Description:
Kawashiro Nitori is a girl who loves competitive programming. One day she found a rooted tree consisting of $$$n$$$ vertices. The root is vertex $$$1$$$. As an advanced problem setter, she quickly thought of a problem.
Kawashiro Nitori has a vertex set $$$U=\{1,2,\ldots,n\}$$$. She's going to play a game with the tree and the set. In each operation, she will choose a vertex set $$$T$$$, where $$$T$$$ is a partial virtual tree of $$$U$$$, and change $$$U$$$ into $$$T$$$.
A vertex set $$$S_1$$$ is a partial virtual tree of a vertex set $$$S_2$$$, if $$$S_1$$$ is a subset of $$$S_2$$$, $$$S_1 \neq S_2$$$, and for all pairs of vertices $$$i$$$ and $$$j$$$ in $$$S_1$$$, $$$\operatorname{LCA}(i,j)$$$ is in $$$S_1$$$, where $$$\operatorname{LCA}(x,y)$$$ denotes the lowest common ancestor of vertices $$$x$$$ and $$$y$$$ on the tree. Note that a vertex set can have many different partial virtual trees.

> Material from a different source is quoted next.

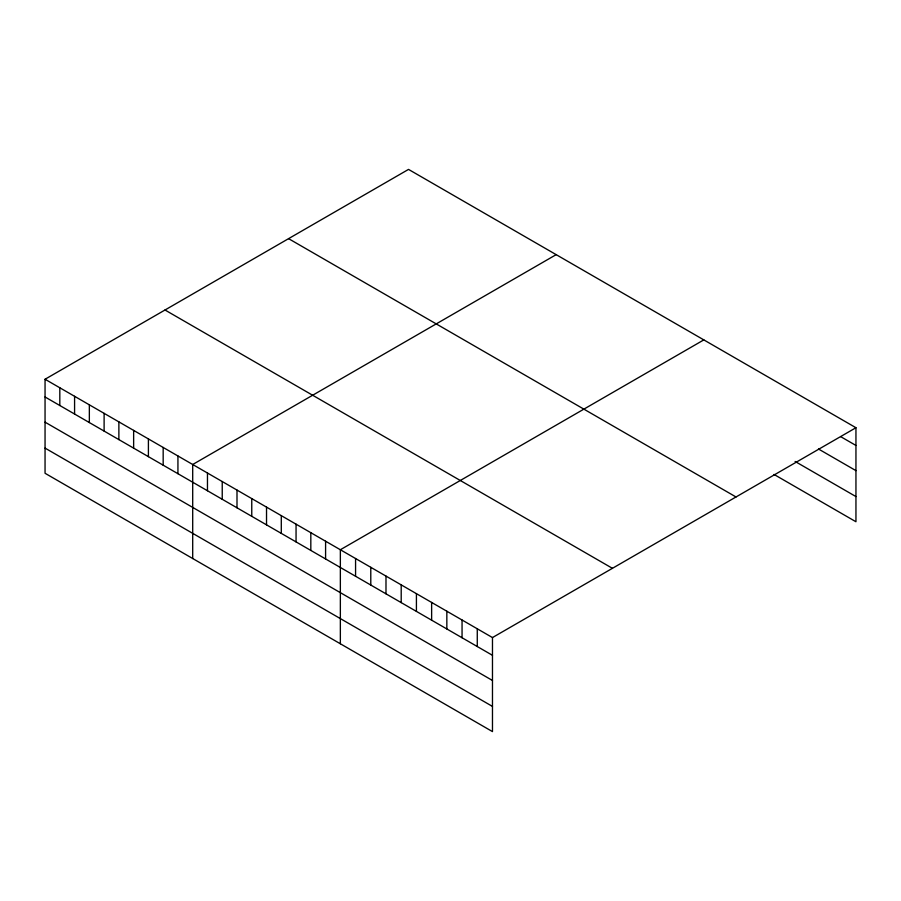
<?xml version="1.0" encoding="UTF-8"?>
<svg xmlns="http://www.w3.org/2000/svg" width="901" height="901" viewBox="0 0 901 901"><rect width="100%" height="100%" fill="white"/><g stroke="black" fill="none" stroke-linecap="round" stroke-linejoin="round"><path stroke-width="1.35" d="M45.05 379.253L492.475 637.57L492.475 731.601L45.05 473.273L45.05 379.253L408.525 169.399L855.95 427.727L855.95 521.747L774.038 474.455M556.176 254.645L192.701 464.499L192.701 558.519M703.827 339.891L340.353 549.745L340.353 643.764M492.475 637.57L855.95 427.727M840.734 436.681L855.95 445.454M818.502 449.013L855.95 470.637M795.099 461.447L855.95 496.575M288.579 238.652L736.004 496.969M164.996 310L612.421 568.317M45.05 396.981L492.475 655.309M45.05 422.164L492.475 680.48M45.05 448.101L492.475 706.418M477.271 628.785L477.271 646.524M462.055 620.001L462.055 637.739M446.84 611.227L446.84 628.954M431.635 602.442L431.635 620.17M416.42 593.658L416.42 611.396M401.204 584.873L401.204 602.611M385.988 576.088L385.988 593.827M370.784 567.303L370.784 585.042M355.568 558.519L355.568 576.257M325.588 541.219L325.588 558.958M310.822 532.694L310.822 550.432M296.057 524.168L296.057 541.906M281.292 515.642L281.292 533.381M266.527 507.117L266.527 524.855M251.762 498.591L251.762 516.329M236.997 490.065L236.997 507.804M222.232 481.539L222.232 499.278M207.467 473.025L207.467 490.752M177.936 455.974L177.936 473.712M163.171 447.448L163.171 465.186M148.406 438.922L148.406 456.661M133.641 430.396L133.641 448.135M118.876 421.871L118.876 439.609M104.111 413.345L104.111 431.083M89.345 404.819L89.345 422.558M74.58 396.294L74.58 414.032M59.815 387.768L59.815 405.506"/></g></svg>

Kawashiro Nitori wants to know for each possible $$$k$$$, if she performs the operation exactly $$$k$$$ times, in how many ways she can make $$$U=\{1\}$$$ in the end? Two ways are considered different if there exists an integer $$$z$$$ ($$$1 \le z \le k$$$) such that after $$$z$$$ operations the sets $$$U$$$ are different.
Since the answer could be very large, you need to find it modulo $$$p$$$. It's guaranteed that $$$p$$$ is a prime number.
Input Format:
The first line contains two integers $$$n$$$ and $$$p$$$ ($$$2 \le n \le 2000$$$, $$$10^8 + 7 \le p \le 10^9+9$$$). It's guaranteed that $$$p$$$ is a prime number.
Each of the next $$$n-1$$$ lines contains two integers $$$u_i$$$, $$$v_i$$$ ($$$1 \leq u_i, v_i \leq n$$$), representing an edge between $$$u_i$$$ and $$$v_i$$$.
It is guaranteed that the given edges form a tree.
Output Format:
The only line contains $$$n-1$$$ integers — the answer modulo $$$p$$$ for $$$k=1,2,\ldots,n-1$$$.
Note:
In the first test case, when $$$k=1$$$, the only possible way is:
1. $$$\{1,2,3,4\} \to \{1\}$$$.
When $$$k=2$$$, there are $$$6$$$ possible ways:
1. $$$\{1,2,3,4\} \to \{1,2\} \to \{1\}$$$;
2. $$$\{1,2,3,4\} \to \{1,2,3\} \to \{1\}$$$;
3. $$$\{1,2,3,4\} \to \{1,2,4\} \to \{1\}$$$;
4. $$$\{1,2,3,4\} \to \{1,3\} \to \{1\}$$$;
5. $$$\{1,2,3,4\} \to \{1,3,4\} \to \{1\}$$$;
6. $$$\{1,2,3,4\} \to \{1,4\} \to \{1\}$$$.
When $$$k=3$$$, there are $$$6$$$ possible ways:
1. $$$\{1,2,3,4\} \to \{1,2,3\} \to \{1,2\} \to \{1\}$$$;
2. $$$\{1,2,3,4\} \to \{1,2,3\} \to \{1,3\} \to \{1\}$$$;
3. $$$\{1,2,3,4\} \to \{1,2,4\} \to \{1,2\} \to \{1\}$$$;
4. $$$\{1,2,3,4\} \to \{1,2,4\} \to \{1,4\} \to \{1\}$$$;
5. $$$\{1,2,3,4\} \to \{1,3,4\} \to \{1,3\} \to \{1\}$$$;
6. $$$\{1,2,3,4\} \to \{1,3,4\} \to \{1,4\} \to \{1\}$$$.